It's all coming together nicely as I await the impending arrival of my fellow delegates. Especially the fellows ;).

xxxoooxxx

Sunday, April 13, 2008

Sods Law

Went to Ku De Ta to watch the sunset. Within 5 minutes of arriving there were exciting arrivals....THE hot boy who was on my plane. Result!

I sat down trying to look comfortable in my aloneness. Drink took so long to come, felt ashamed. Started to read my book. Actually just as an aside I have managed to read the new Marianne Keyes book - This Charming Man, all 650 pages of it in 2 days. She truly is the Queen of chick lit, thought she'd lost it on the last book (Anybody Out There). But, she has redeemed herself massively with this one.

Sorry back to the subject. Not long after I was relaxing into the my drink and book who should approach but Paul (of Paul and Troy from night prior). And this evening he was all smiles and charm itself. So friendly in fact that he and his mate (different mate) decided to join me for like the next 3 hours.

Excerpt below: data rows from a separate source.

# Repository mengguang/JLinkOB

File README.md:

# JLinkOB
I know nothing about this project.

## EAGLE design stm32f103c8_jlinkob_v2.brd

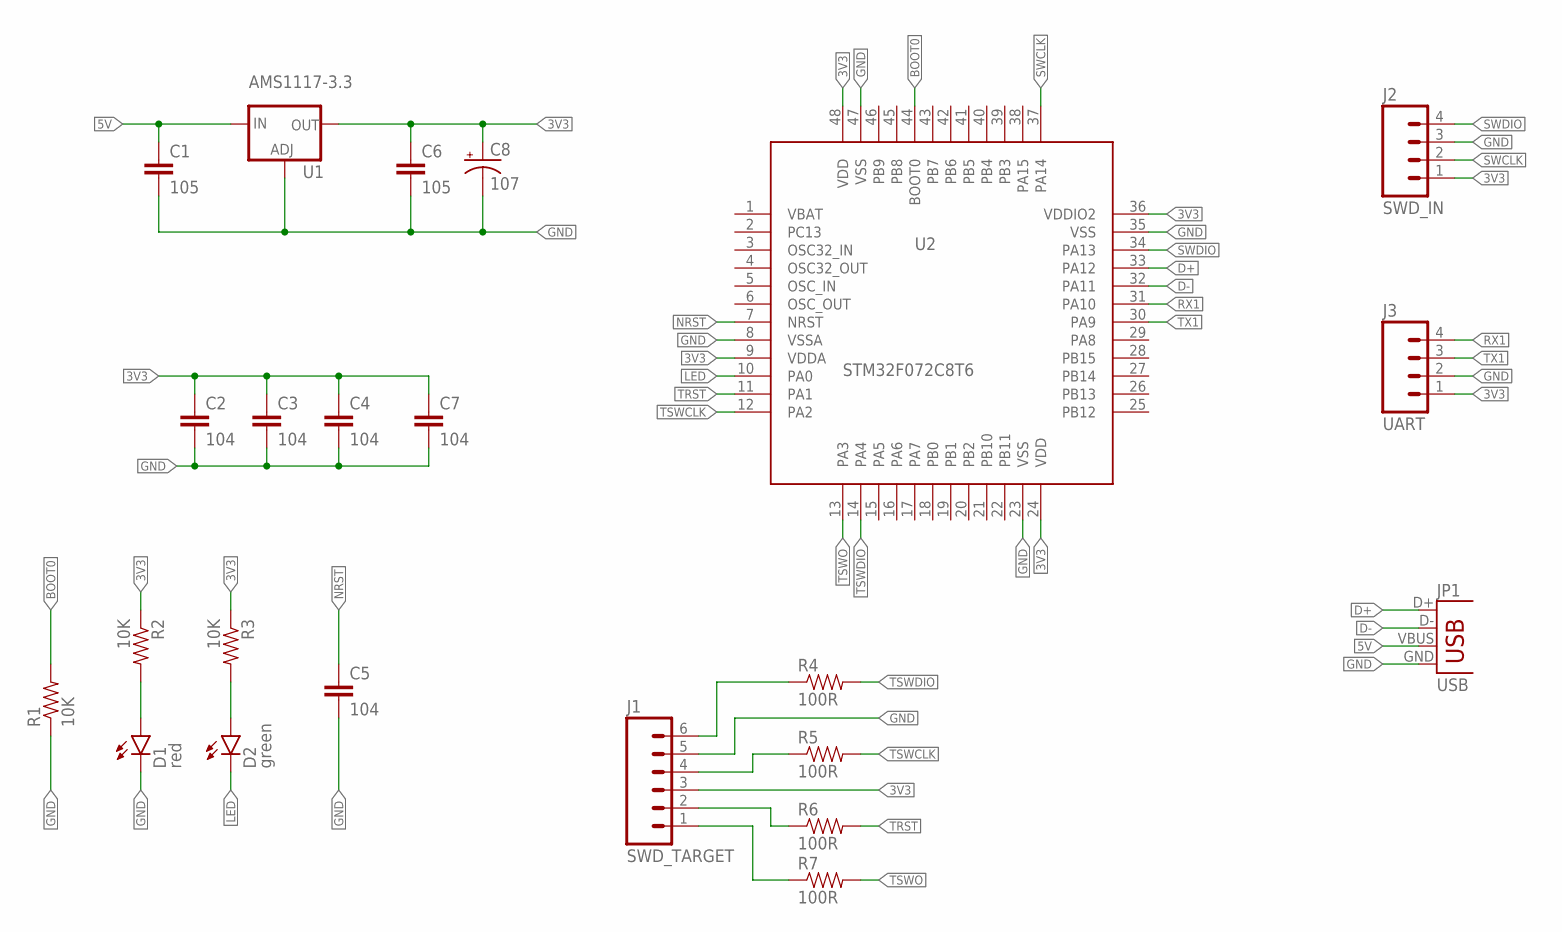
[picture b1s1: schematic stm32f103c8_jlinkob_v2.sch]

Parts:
C1, C6: 105; 0603-CAP
C2, C3, C4, C5, C7: 104; 0603-CAP
C8: 107; EIA3528
D1: red; LED-0603-SEEED
D2: green; LED-0603-SEEED
J1: SWD_TARGET; 1X06_NO_SILK
J2: SWD_IN; 1X04_NO_SILK
J3: UART; 1X04_NO_SILK
JP1: USB; MICROUSB-U-F-M5DD-Y-1
R1, R2, R3: 10K; 0603-RES
R4, R5, R6, R7: 100R; 0603-RES
U1: AMS1117-3.3; SOT223
U2: STM32F072C8T6; LQFP-48

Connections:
3V3: C2.1, C3.1, C4.1, C6.1, C7.1, C8.A (+), J1.3, J2.1, J3.1, R2.1, R3.1, U1.2 (OUT), U1.4 (OUT), U2.9 (VDDA), U2.24 (VDD), U2.36 (VDDIO2), U2.48 (VDD)
5V: C1.1, JP1.VBUS, U1.3 (IN)
BOOT0: R1.2, U2.44 (BOOT0)
D+: JP1.D+, U2.33 (PA12)
D-: JP1.D-, U2.32 (PA11)
GND: C1.2, C2.2, C3.2, C4.2, C5.2, C6.2, C7.2, C8.C (-), D1.- (C), J1.5, J2.3, J3.2, JP1.GND, R1.1, U1.1 (ADJ), U2.8 (VSSA), U2.23 (VSS), U2.35 (VSS), U2.47 (VSS)
LED: D2.- (C), U2.10 (PA0)
unnamed: D2.+ (A), R3.2
unnamed: J1.6, R4.1
unnamed: J1.4, R5.1
unnamed: D1.+ (A), R2.2
unnamed: J1.2, R6.1
unnamed: J1.1, R7.1
NRST: C5.1, U2.7 (NRST)
RX1: J3.4, U2.31 (PA10)
SWCLK: J2.2, U2.37 (PA14)
SWDIO: J2.4, U2.34 (PA13)
TRST: R6.2, U2.11 (PA1)
TSWCLK: R5.2, U2.12 (PA2)
TSWDIO: R4.2, U2.14 (PA4)
TSWO: R7.2, U2.13 (PA3)
TX1: J3.3, U2.30 (PA9)

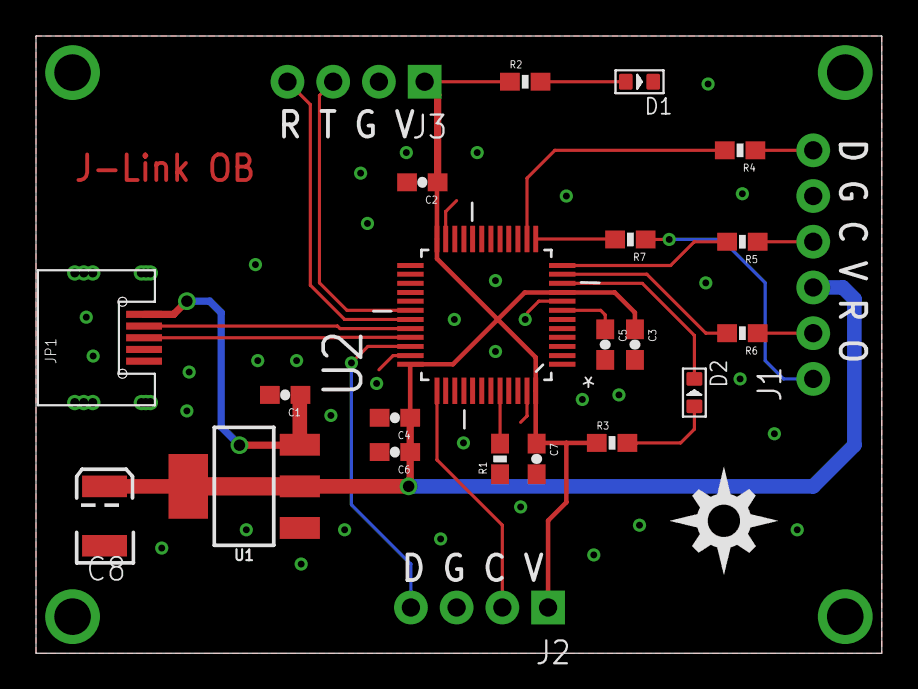
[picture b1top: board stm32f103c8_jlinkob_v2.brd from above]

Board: 2 copper layers, 47.0 x 34.3 mm, 24 parts (0 on the bottom side), 22 nets.

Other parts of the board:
U$1: DIYNOVA_LOGO

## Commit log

2020-07-01 change file name
2020-07-01 rename file

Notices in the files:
parts and their libraries:
SparkFun-Connectors: Licensing: Creative Commons ShareAlike 4.0 International - https://creativecommons.org/licenses/by-sa/4.0

Nice boys but not when Hot Boy was around. Couldn't be rude. Was nice to talk to people really. But, finally when they left and I had the oppo (and enough dutch courage) to look for Hot Boy he had vamoosed (sorry just showing off my Spanish, vanished would have also worked). Felt ripped off!

By the way, Troy has a girlfriend. Girlfriend was actually there at Ku De Ta night prior. Knew it. Ego ok now. Phew.

Tonight I move to Jimbaran Bay. Seems this holiday of mine is about to become work. And I'm going to work it!

xxxoooxxx

Saturday, April 12, 2008

Feeling challenged

Did I mention how I came to be in Bali? Thought not. You see, I am lucky enough to be here for a conference ie gratis. Hooray for me! Better still, said conference starts at 4pm Wed and runs until Fri evening. Of course am never one to miss a holiday opportunity so wondered out loud how hosts would feel about moving my flight forward a few days?

Really though, I'm not completely cheeky, I mean I am paying for 3 nights accommodation all by myself (a whopping $75 a night). And as for extra days off work? Well everyone else is flying Monday so maybe I've snack in a cheeky extra day out of the office. Nothing my bosses wouldn't expect of me, am well respected for my assertiveness and ingenuity in all travel related matters (and other stuff more relevant to work of course).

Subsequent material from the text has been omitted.